*About this exercise*. A verbatim printing of the entries that follow is needed; pictures must not appear in it.

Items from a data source
- - - -
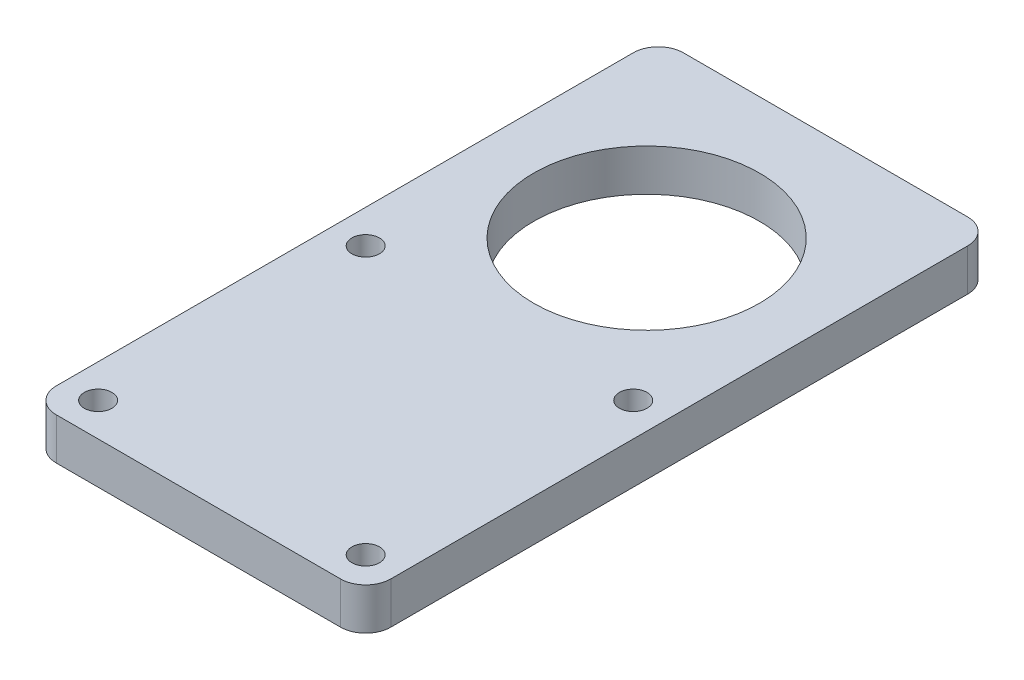
SolidWorks part; units mm, degrees
ref_plane "前视基准面" through (0, 0, 0) normal (0, 0, 1) x (1, 0, 0)
ref_plane "上视基准面" through (0, 0, 0) normal (0, 1, 0) x (1, 0, 0)
ref_plane "右视基准面" through (0, 0, 0) normal (1, 0, 0) x (0, 0, -1)
sketch "草图1" plane through (0, 0, 0) normal (0, 1, 0) x (1, 0, 0)
  line L0 (48.464, -47.4) -> (-15.2363, -47.4) construction
  line L1 (-20, -20) -> (20, -20)
  line L2 (-20, -20) -> (-20, 55)
  line L3 (-20, 55) -> (20, 55)
  line L4 (20, -20) -> (20, 55)
  line L5 (-20, -20) -> (20, 55) construction
  line L6 (-20, 55) -> (20, -20) construction
  line L7 (-16, -16) -> (16, -16) construction
  line L8 (-16, -16) -> (-16, 16) construction
  line L9 (-16, 16) -> (16, 16) construction
  line L10 (16, -16) -> (16, 16) construction
  line L11 (-16, -16) -> (16, 16) construction
  line L12 (-16, 16) -> (16, -16) construction
  line L13 (55.6003, 33.6) -> (-58.752, 33.6) construction
  circle A0 centre (-16, 16) radius 1.65
  circle A1 centre (16, 16) radius 1.65
  circle A2 centre (16, -16) radius 1.65
  circle A3 centre (-16, -16) radius 1.65
  circle A4 centre (0, 33.6) radius 13.5
  point P0 (0, 17.5)
  point P6 (0, 17.5)
  point P18 (0, 0)
  dimension "D3" = 3.3
  dimension "D8" = 27
  dimension "D1" = 40
  dimension "D2" = 75
  dimension "D4" = 32
  dimension "D5" = 4
  dimension "D6" = 27.4
  dimension "D7" = 81
extrude "凸台-拉伸1" add sketch "草图1" along normal blind 5
fillet "圆角1" radius 3 4 edges at (-20, 2.5, 20) (20, 2.5, -55) (-20, 2.5, -55) (20, 2.5, 20)
- - - -
*Task solution*.
SolidWorks part; units mm, degrees
ref_plane "前视基准面" through (0, 0, 0) normal (0, 0, 1) x (1, 0, 0)
ref_plane "上视基准面" through (0, 0, 0) normal (0, 1, 0) x (1, 0, 0)
ref_plane "右视基准面" through (0, 0, 0) normal (1, 0, 0) x (0, 0, -1)
sketch "草图1" plane through (0, 0, 0) normal (0, 1, 0) x (1, 0, 0)
  line L0 (48.464, -47.4) -> (-15.2363, -47.4) construction
  line L1 (-20, -20) -> (20, -20)
  line L2 (-20, -20) -> (-20, 55)
  line L3 (-20, 55) -> (20, 55)
  line L4 (20, -20) -> (20, 55)
  line L5 (-20, -20) -> (20, 55) construction
  line L6 (-20, 55) -> (20, -20) construction
  line L7 (-16, -16) -> (16, -16) construction
  line L8 (-16, -16) -> (-16, 16) construction
  line L9 (-16, 16) -> (16, 16) construction
  line L10 (16, -16) -> (16, 16) construction
  line L11 (-16, -16) -> (16, 16) construction
  line L12 (-16, 16) -> (16, -16) construction
  line L13 (55.6003, 33.6) -> (-58.752, 33.6) construction
  circle A0 centre (-16, 16) radius 1.65
  circle A1 centre (16, 16) radius 1.65
  circle A2 centre (16, -16) radius 1.65
  circle A3 centre (-16, -16) radius 1.65
  circle A4 centre (0, 33.6) radius 13.5
  point P0 (0, 17.5)
  point P6 (0, 17.5)
  point P18 (0, 0)
  dimension "D3" = 3.3
  dimension "D8" = 27
  dimension "D1" = 40
  dimension "D2" = 75
  dimension "D4" = 32
  dimension "D5" = 4
  dimension "D6" = 27.4
  dimension "D7" = 81
extrude "凸台-拉伸1" add sketch "草图1" along normal blind 5
fillet "圆角1" radius 3 4 edges at (-20, 2.5, 20) (20, 2.5, -55) (-20, 2.5, -55) (20, 2.5, 20)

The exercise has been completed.